Generative models and discriminative models

Let’s say we have input data $X$ and we want to classify the data into labels $Y$.

  • A generative model (生成模型) learns the joint probability distribution $\mathbb{P}(X, Y)$
  • A discriminative model (判别模型) learns the conditional probability distribution $\mathbb{P}(Y | X)$

Discriminative models learn the (hard or soft) boundary between classes, generative models model the distribution of individual classes.

Examples of generative models:

  • HMM (hidden markov model)
  • Naive Bayes
  • Gaussian mixture model and other types of mixture model
  • GAN (generative adversarial network)
  • VAE (variational autoencoder)
  • PCFG (probabilistic context-free grammar)
  • Latent Dirichlet allocation
  • Boltzmann machine

Examples of discriminative models:

  • CRF (conditional random field)
  • Logistic regression
  • SVM
  • Decision tree
  • Random forest
  • KNN (k-nearest neighbors)
  • Neural networks
  • Classical (sparse, denoising, etc.) autoencoders are generally classified as discriminative models, although denoising autoencoders can be used as generative models [1].

For sequence labeling tasks (such as Part-of-Speech tagging and Name Entity Recognition), discriminative models are said to be preferred to generative models [2].

There is a widely-held belief that discriminative models are almost always to be preferred in classification tasks [3].

One of the advantages of generative models is that they can be used to generate new data similar to existing data.

References

[1] Bengio, Y., Yao, L., & Alain, P. (2013). Generalized Denoising Auto-Encoders as Generative ModelsarXiv e-prints, arXiv:1305.6663.

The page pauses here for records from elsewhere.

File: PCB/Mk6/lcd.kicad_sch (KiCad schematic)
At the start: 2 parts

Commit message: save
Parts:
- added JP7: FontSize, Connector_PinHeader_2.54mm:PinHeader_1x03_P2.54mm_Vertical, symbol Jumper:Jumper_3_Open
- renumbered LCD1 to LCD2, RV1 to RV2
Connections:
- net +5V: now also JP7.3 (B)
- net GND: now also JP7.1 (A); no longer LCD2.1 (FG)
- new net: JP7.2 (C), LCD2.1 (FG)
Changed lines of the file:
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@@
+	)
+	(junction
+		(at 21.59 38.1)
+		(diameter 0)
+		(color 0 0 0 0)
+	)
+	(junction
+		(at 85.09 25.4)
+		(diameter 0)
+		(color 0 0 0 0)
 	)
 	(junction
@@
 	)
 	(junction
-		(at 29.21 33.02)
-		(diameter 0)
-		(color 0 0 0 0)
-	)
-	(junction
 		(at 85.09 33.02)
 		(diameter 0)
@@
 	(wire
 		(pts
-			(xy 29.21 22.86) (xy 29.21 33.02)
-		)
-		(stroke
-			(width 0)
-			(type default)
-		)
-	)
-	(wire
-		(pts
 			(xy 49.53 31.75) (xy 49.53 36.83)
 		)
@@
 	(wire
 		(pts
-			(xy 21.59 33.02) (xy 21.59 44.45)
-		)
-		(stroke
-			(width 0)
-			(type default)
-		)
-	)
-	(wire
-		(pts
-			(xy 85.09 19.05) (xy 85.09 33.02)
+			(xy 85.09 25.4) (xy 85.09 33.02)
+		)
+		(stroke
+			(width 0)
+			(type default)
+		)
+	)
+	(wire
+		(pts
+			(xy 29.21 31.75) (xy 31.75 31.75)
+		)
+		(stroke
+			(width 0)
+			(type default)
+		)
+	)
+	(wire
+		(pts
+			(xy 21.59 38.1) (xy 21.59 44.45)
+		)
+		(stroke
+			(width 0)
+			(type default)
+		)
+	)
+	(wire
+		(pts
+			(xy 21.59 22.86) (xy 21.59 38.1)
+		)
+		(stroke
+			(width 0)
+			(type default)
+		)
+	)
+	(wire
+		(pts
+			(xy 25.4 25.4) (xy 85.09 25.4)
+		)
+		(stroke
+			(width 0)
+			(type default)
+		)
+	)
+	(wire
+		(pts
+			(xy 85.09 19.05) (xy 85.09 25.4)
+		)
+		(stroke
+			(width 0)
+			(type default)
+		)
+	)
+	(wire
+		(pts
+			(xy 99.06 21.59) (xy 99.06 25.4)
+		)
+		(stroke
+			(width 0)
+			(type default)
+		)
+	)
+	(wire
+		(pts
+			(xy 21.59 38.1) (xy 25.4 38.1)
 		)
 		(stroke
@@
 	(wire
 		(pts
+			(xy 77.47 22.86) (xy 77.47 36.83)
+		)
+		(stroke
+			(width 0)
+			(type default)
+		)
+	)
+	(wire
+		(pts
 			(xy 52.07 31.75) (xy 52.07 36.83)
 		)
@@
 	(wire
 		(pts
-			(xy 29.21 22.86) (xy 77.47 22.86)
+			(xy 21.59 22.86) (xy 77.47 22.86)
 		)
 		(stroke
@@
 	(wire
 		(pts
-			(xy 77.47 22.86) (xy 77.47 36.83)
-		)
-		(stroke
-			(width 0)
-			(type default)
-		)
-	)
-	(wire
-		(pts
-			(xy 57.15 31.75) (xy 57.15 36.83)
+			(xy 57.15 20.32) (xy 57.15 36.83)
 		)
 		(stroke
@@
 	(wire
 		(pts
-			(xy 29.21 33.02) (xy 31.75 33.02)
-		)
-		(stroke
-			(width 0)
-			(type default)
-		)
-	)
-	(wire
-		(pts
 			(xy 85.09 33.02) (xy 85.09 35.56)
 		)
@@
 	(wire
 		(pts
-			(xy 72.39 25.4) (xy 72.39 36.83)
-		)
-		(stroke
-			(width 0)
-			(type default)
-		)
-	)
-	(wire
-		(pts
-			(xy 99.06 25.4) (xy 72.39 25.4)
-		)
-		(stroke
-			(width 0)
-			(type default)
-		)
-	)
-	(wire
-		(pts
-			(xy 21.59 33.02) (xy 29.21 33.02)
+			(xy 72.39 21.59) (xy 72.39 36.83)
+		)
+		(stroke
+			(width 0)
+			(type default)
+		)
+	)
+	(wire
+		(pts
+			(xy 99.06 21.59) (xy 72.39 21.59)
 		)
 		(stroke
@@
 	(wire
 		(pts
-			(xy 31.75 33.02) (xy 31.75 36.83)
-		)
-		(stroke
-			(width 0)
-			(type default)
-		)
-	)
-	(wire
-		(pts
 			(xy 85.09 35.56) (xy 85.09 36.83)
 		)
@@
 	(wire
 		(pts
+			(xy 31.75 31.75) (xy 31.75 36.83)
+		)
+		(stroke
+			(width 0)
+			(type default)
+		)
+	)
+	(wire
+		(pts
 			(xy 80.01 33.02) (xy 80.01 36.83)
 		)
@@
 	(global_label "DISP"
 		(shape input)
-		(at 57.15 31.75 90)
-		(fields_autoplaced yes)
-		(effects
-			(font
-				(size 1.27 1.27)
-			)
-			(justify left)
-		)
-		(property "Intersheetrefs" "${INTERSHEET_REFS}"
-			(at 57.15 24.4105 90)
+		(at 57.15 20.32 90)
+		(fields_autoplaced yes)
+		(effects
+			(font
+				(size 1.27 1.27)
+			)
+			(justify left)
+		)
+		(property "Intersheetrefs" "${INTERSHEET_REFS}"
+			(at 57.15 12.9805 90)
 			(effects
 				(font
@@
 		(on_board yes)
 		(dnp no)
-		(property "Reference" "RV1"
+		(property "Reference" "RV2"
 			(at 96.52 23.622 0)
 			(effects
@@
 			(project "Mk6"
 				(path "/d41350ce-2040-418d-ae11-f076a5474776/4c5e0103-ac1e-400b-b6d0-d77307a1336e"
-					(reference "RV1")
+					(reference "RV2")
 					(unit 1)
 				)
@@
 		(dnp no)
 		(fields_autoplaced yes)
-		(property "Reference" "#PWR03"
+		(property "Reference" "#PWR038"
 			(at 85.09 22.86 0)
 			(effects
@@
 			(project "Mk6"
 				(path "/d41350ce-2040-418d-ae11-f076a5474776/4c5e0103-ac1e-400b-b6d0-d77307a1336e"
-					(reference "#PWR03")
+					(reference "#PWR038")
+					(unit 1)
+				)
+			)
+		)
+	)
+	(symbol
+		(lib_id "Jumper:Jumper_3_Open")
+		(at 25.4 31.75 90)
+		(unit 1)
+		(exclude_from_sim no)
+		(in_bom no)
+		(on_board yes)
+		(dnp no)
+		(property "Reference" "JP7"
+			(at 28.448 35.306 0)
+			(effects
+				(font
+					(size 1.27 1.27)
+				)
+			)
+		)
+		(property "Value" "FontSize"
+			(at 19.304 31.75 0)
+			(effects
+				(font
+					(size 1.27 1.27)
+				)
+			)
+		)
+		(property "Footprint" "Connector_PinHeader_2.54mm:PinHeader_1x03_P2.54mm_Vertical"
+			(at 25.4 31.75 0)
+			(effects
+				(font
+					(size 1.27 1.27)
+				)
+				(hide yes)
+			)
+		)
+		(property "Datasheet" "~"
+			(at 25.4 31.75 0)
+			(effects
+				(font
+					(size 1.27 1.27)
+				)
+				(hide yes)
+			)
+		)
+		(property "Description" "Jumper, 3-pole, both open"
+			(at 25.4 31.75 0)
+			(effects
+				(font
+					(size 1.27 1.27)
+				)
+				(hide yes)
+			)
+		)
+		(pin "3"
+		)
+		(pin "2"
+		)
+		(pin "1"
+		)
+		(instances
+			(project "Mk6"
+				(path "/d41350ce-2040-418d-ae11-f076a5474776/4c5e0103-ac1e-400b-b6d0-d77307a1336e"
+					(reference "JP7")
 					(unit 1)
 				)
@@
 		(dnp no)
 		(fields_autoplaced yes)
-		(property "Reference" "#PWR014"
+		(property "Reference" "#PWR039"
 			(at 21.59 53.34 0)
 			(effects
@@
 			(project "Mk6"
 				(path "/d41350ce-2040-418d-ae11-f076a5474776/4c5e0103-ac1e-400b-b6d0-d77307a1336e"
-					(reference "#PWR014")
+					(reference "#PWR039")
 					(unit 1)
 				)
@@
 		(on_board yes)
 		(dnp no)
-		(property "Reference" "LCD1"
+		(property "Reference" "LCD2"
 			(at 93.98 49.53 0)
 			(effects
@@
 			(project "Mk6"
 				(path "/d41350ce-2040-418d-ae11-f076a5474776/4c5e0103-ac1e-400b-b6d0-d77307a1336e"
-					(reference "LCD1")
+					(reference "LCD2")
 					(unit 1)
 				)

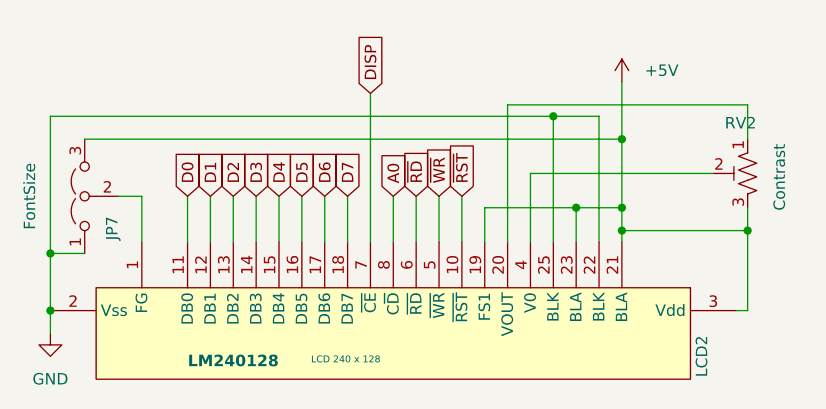
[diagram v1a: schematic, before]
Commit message: all done, pre-clk div
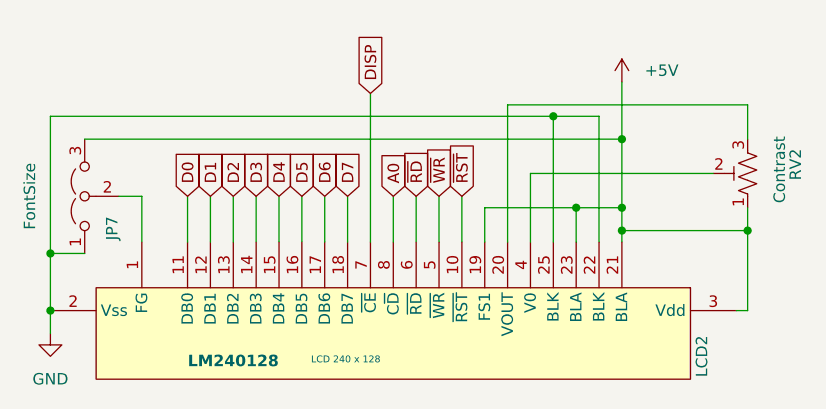
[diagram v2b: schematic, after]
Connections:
- net +5V: now also RV2.1; no longer RV2.3
- net at LCD2.20 (VOUT): now also RV2.3; no longer RV2.1
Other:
- moved on the sheet: RV2
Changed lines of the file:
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@@
 	(symbol
 		(lib_id "RetroParts_Library:R_Trim")
-		(at 99.06 29.21 0)
-		(mirror y)
+		(at 99.06 29.21 180)
 		(unit 1)
 		(exclude_from_sim no)
@@
 		(dnp no)
 		(property "Reference" "RV2"
-			(at 96.52 23.622 0)
+			(at 104.394 29.972 90)
 			(effects
 				(font
@@
 		)
 		(property "Value" "Contrast"
-			(at 102.616 25.908 90)
+			(at 102.616 32.512 90)
 			(effects
 				(font

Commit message: Added 3-8 IO, extra GAL out, attachment point for !RAM
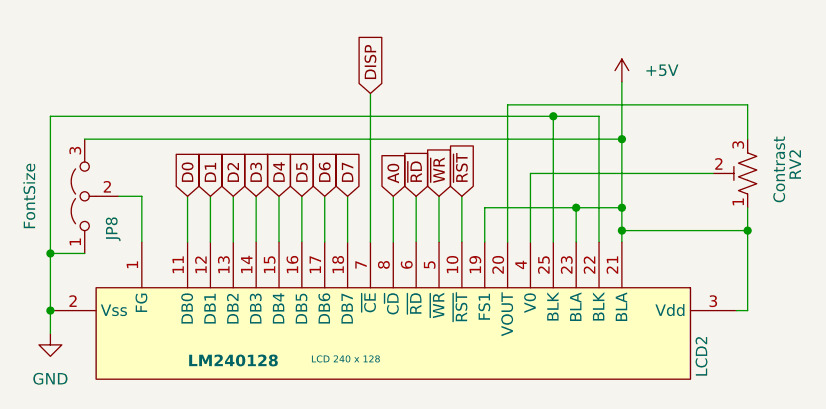
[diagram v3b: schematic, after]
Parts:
- renumbered JP7 to JP8
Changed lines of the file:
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@@
 		(dnp no)
 		(fields_autoplaced yes)
-		(property "Reference" "#PWR038"
+		(property "Reference" "#PWR039"
 			(at 85.09 22.86 0)
 			(effects
@@
 			(project "Mk6"
 				(path "/d41350ce-2040-418d-ae11-f076a5474776/4c5e0103-ac1e-400b-b6d0-d77307a1336e"
-					(reference "#PWR038")
+					(reference "#PWR039")
 					(unit 1)
 				)
@@
 		(on_board yes)
 		(dnp no)
-		(property "Reference" "JP7"
+		(property "Reference" "JP8"
 			(at 28.448 35.306 0)
 			(effects
@@
 			(project "Mk6"
 				(path "/d41350ce-2040-418d-ae11-f076a5474776/4c5e0103-ac1e-400b-b6d0-d77307a1336e"
-					(reference "JP7")
+					(reference "JP8")
 					(unit 1)
 				)
@@
 		(dnp no)
 		(fields_autoplaced yes)
-		(property "Reference" "#PWR039"
+		(property "Reference" "#PWR040"
 			(at 21.59 53.34 0)
 			(effects
@@
 			(project "Mk6"
 				(path "/d41350ce-2040-418d-ae11-f076a5474776/4c5e0103-ac1e-400b-b6d0-d77307a1336e"
-					(reference "#PWR039")
+					(reference "#PWR040")
 					(unit 1)
 				)

[2] Why discriminative models are preferred to generative models for sequence labeling tasks? (n.d.). Cross Validated. https://stats.stackexchange.com/questions/73015/why-discriminative-models-are-preferred-to-generative-models-for-sequence-labeli

[3] Andrew Y. Ng and Michael I. Jordan, On discriminative vs. generative classifiers: A comparison of logistic regression and naive bayes, Advances in Neural Information Processing Systems 14 (T. G. Dietterich, S. Becker, and Z. Ghahramani, eds.), MIT Press, 2002, pp. 841–848.